Segment Open

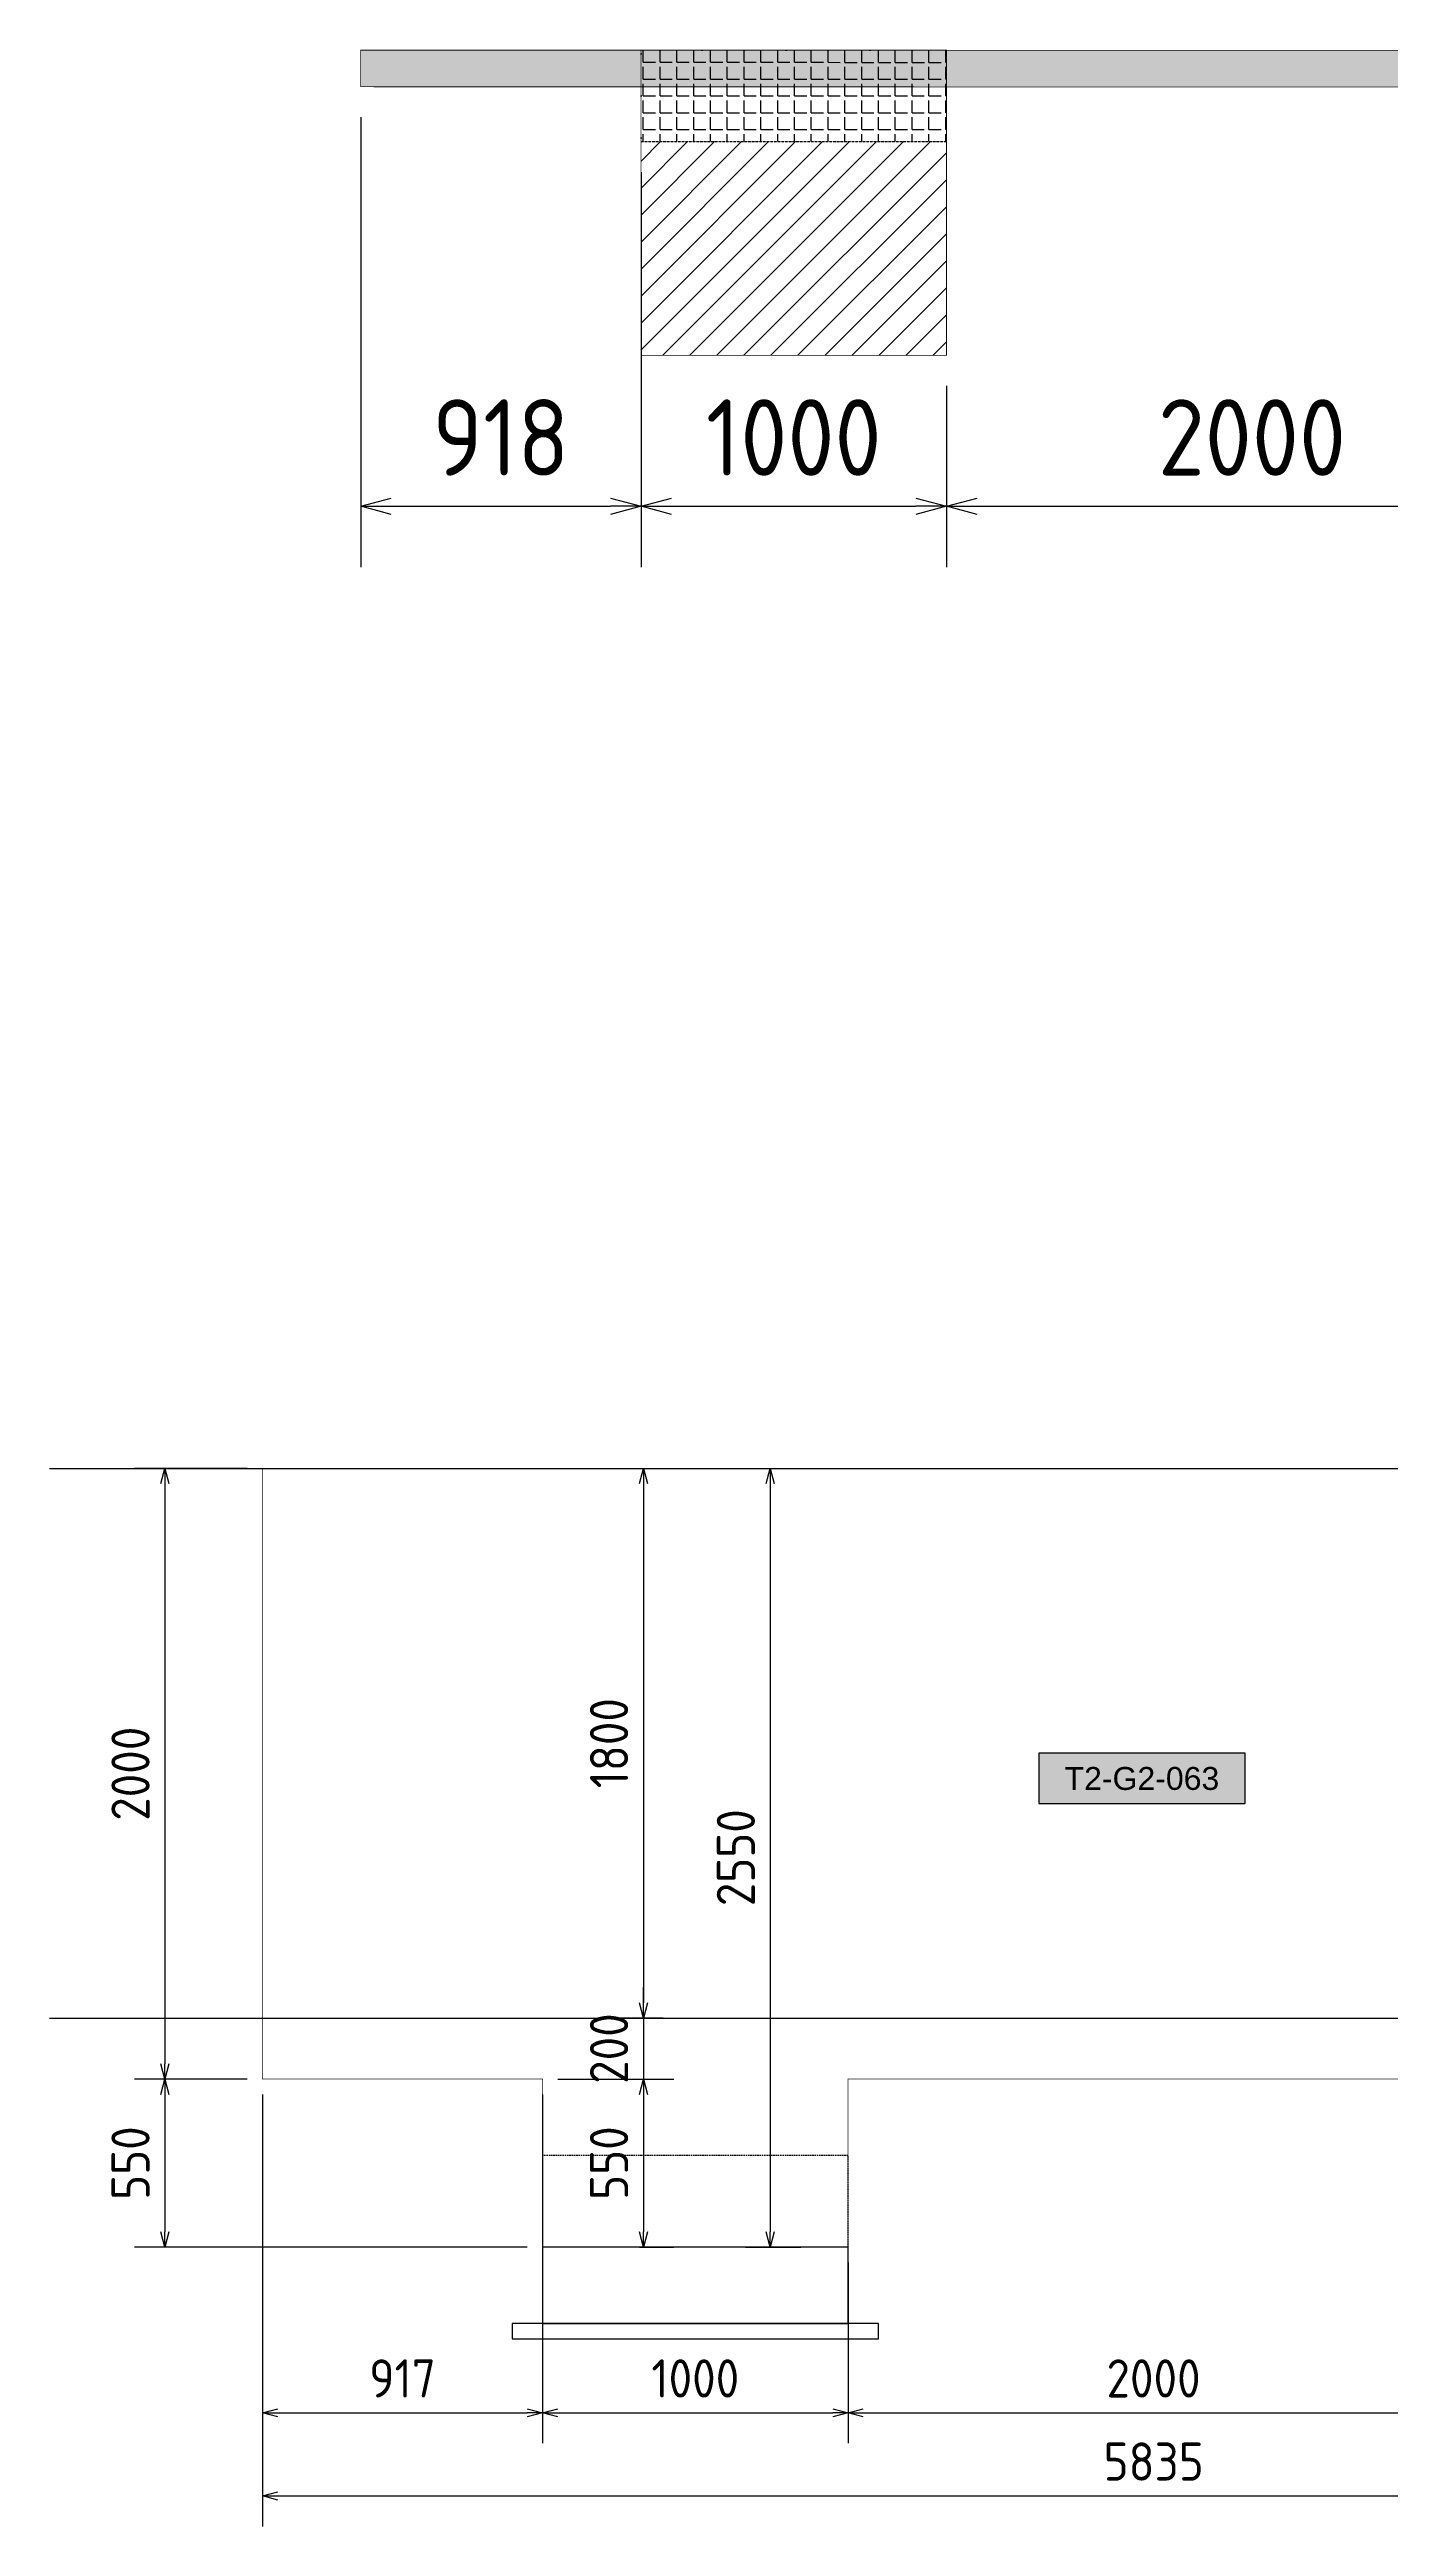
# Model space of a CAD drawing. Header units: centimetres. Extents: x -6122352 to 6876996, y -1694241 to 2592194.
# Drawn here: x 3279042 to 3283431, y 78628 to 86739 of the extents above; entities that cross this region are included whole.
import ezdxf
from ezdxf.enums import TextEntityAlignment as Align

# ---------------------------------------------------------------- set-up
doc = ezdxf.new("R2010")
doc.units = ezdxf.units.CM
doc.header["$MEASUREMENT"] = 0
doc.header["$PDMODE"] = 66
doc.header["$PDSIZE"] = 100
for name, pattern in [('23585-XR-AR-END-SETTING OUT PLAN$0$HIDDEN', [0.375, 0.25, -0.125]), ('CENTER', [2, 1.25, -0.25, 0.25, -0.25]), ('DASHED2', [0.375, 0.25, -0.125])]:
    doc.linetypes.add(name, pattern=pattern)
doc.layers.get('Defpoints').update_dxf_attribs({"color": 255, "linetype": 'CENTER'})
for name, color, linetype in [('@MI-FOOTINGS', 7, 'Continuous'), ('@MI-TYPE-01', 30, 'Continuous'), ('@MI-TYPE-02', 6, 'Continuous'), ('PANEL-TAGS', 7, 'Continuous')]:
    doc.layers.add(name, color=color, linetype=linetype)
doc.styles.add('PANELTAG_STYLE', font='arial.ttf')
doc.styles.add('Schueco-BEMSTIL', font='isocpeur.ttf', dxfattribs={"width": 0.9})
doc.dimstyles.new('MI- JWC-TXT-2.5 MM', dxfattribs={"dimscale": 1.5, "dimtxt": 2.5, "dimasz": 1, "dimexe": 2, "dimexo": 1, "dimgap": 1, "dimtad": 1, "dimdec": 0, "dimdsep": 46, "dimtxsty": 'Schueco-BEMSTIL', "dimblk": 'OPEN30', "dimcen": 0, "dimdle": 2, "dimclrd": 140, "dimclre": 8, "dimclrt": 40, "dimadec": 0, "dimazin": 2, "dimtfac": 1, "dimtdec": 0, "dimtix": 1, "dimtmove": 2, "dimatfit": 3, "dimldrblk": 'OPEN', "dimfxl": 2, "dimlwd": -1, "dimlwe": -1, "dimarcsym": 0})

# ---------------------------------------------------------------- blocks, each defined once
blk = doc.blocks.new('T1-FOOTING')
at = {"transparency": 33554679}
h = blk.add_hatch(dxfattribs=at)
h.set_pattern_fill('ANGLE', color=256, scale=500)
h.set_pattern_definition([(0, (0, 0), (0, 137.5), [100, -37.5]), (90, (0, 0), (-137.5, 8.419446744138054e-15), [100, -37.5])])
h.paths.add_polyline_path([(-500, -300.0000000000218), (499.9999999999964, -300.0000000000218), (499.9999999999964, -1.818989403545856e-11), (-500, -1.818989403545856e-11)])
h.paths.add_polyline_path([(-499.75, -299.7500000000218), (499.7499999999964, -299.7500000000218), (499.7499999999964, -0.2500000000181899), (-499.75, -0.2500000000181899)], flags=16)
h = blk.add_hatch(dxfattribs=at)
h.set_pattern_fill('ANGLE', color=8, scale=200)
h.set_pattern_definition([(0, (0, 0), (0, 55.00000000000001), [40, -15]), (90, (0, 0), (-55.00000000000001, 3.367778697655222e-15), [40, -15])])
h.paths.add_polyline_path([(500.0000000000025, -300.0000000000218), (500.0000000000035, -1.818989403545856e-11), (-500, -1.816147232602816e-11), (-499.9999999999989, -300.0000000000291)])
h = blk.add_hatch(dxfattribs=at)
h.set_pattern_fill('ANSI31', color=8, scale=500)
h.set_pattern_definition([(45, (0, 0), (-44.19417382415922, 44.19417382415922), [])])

Segment Closed

> [TASK STATEMENT]:
Word for word, output the lines from the beginning of the listing through the line holding "h.set_pattern_fill('ANGLE', color=256, scale=500)" and nothing beyond them. Omit the pictures.

> [SOLUTION TO THIS PROBLEM]:
# Model space of a CAD drawing. Header units: centimetres. Extents: x -6122352 to 6876996, y -1694241 to 2592194.
# Drawn here: x 3279042 to 3283431, y 78628 to 86739 of the extents above; entities that cross this region are included whole.
import ezdxf
from ezdxf.enums import TextEntityAlignment as Align

# ---------------------------------------------------------------- set-up
doc = ezdxf.new("R2010")
doc.units = ezdxf.units.CM
doc.header["$MEASUREMENT"] = 0
doc.header["$PDMODE"] = 66
doc.header["$PDSIZE"] = 100
for name, pattern in [('23585-XR-AR-END-SETTING OUT PLAN$0$HIDDEN', [0.375, 0.25, -0.125]), ('CENTER', [2, 1.25, -0.25, 0.25, -0.25]), ('DASHED2', [0.375, 0.25, -0.125])]:
    doc.linetypes.add(name, pattern=pattern)
doc.layers.get('Defpoints').update_dxf_attribs({"color": 255, "linetype": 'CENTER'})
for name, color, linetype in [('@MI-FOOTINGS', 7, 'Continuous'), ('@MI-TYPE-01', 30, 'Continuous'), ('@MI-TYPE-02', 6, 'Continuous'), ('PANEL-TAGS', 7, 'Continuous')]:
    doc.layers.add(name, color=color, linetype=linetype)
doc.styles.add('PANELTAG_STYLE', font='arial.ttf')
doc.styles.add('Schueco-BEMSTIL', font='isocpeur.ttf', dxfattribs={"width": 0.9})
doc.dimstyles.new('MI- JWC-TXT-2.5 MM', dxfattribs={"dimscale": 1.5, "dimtxt": 2.5, "dimasz": 1, "dimexe": 2, "dimexo": 1, "dimgap": 1, "dimtad": 1, "dimdec": 0, "dimdsep": 46, "dimtxsty": 'Schueco-BEMSTIL', "dimblk": 'OPEN30', "dimcen": 0, "dimdle": 2, "dimclrd": 140, "dimclre": 8, "dimclrt": 40, "dimadec": 0, "dimazin": 2, "dimtfac": 1, "dimtdec": 0, "dimtix": 1, "dimtmove": 2, "dimatfit": 3, "dimldrblk": 'OPEN', "dimfxl": 2, "dimlwd": -1, "dimlwe": -1, "dimarcsym": 0})

# ---------------------------------------------------------------- blocks, each defined once
blk = doc.blocks.new('T1-FOOTING')
at = {"transparency": 33554679}
h = blk.add_hatch(dxfattribs=at)
h.set_pattern_fill('ANGLE', color=256, scale=500)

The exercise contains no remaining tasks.